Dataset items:
*** Begin section ***

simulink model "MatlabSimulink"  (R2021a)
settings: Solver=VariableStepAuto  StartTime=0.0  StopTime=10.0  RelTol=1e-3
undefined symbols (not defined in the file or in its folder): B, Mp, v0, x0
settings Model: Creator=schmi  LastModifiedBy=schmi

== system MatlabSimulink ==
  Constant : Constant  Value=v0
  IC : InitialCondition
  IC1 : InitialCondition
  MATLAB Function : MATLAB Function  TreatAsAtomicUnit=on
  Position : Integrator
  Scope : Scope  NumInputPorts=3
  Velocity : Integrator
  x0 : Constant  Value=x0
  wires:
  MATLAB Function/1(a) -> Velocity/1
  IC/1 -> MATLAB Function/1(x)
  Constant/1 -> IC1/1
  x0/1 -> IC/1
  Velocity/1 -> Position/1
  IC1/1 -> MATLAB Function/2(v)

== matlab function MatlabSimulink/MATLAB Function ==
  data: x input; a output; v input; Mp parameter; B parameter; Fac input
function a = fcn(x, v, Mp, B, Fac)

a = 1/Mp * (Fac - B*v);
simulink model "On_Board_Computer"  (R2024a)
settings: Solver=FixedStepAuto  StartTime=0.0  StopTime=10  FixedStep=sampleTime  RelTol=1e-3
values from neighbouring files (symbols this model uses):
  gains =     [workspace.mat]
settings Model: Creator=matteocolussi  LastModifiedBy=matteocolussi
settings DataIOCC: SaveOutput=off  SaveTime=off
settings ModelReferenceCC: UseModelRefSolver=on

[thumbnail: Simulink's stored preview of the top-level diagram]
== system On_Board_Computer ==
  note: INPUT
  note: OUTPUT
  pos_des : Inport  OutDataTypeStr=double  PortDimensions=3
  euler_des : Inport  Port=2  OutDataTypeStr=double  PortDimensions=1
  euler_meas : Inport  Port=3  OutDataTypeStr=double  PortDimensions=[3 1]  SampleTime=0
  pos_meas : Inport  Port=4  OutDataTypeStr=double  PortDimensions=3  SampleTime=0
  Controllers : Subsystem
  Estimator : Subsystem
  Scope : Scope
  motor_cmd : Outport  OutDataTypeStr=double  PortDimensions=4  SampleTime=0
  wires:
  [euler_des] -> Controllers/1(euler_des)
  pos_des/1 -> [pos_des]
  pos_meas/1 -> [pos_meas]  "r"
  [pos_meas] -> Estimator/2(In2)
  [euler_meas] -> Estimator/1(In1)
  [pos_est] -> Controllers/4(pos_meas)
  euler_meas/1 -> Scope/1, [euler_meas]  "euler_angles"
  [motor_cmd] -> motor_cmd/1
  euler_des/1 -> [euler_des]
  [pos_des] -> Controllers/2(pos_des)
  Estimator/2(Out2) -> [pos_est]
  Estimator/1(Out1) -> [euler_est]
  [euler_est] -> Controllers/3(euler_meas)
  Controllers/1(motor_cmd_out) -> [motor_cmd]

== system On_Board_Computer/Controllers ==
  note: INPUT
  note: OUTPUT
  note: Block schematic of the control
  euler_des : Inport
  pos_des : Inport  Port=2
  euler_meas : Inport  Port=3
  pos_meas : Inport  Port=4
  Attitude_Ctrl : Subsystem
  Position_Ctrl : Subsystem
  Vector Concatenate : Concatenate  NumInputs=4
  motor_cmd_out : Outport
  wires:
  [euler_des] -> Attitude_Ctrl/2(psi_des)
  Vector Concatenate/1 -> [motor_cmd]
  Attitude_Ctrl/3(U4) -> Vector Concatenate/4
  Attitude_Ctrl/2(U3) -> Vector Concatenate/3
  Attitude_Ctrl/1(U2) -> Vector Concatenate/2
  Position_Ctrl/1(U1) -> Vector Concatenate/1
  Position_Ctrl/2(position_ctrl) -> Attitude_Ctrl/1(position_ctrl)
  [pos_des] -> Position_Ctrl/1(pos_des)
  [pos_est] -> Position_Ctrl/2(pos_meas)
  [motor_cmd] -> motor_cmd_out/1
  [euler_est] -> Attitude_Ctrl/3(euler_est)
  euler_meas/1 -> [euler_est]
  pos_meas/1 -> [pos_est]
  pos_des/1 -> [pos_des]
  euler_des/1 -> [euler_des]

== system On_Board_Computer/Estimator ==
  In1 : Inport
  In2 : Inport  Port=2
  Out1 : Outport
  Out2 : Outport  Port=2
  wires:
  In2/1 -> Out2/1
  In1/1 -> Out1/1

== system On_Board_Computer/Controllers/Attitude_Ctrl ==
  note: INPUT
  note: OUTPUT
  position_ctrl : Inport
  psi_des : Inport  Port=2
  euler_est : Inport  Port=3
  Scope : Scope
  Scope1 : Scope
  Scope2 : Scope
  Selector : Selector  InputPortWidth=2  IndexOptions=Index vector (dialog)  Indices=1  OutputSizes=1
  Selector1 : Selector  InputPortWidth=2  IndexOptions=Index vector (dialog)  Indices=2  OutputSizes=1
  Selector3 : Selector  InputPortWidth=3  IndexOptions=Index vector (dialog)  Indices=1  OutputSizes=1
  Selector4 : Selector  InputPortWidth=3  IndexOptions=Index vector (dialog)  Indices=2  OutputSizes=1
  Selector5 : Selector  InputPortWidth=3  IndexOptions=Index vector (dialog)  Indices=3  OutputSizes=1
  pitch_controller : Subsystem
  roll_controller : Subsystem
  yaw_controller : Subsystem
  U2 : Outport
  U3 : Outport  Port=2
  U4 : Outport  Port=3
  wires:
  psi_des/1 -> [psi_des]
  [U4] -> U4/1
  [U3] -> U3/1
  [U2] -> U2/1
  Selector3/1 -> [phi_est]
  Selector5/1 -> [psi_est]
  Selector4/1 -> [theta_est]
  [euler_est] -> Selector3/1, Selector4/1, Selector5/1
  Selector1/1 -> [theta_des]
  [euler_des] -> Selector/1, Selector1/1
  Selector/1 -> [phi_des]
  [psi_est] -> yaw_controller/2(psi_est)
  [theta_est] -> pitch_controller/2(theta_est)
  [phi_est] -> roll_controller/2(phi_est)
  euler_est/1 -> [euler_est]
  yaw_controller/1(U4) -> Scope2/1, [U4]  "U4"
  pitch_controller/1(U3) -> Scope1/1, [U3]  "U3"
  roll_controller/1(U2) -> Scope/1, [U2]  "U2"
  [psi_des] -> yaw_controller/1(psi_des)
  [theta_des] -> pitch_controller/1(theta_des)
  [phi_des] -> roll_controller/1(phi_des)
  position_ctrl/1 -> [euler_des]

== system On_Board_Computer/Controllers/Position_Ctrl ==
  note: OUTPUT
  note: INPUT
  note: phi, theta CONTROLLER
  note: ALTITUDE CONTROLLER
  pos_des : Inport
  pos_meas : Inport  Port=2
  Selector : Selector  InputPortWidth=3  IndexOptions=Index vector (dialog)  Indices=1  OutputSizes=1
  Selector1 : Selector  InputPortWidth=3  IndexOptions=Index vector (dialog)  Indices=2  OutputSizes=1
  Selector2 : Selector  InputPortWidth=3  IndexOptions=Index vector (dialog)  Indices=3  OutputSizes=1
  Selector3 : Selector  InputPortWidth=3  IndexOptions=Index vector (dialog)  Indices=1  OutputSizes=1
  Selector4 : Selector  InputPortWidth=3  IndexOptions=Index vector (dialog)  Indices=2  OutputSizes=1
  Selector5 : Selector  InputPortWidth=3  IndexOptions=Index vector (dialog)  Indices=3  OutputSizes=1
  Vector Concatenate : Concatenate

*** End section ***

> [Work item]: The expected result is every line above containing the string "StopTime".

> [Your response]:
settings: Solver=VariableStepAuto  StartTime=0.0  StopTime=10.0  RelTol=1e-3
settings: Solver=FixedStepAuto  StartTime=0.0  StopTime=10  FixedStep=sampleTime  RelTol=1e-3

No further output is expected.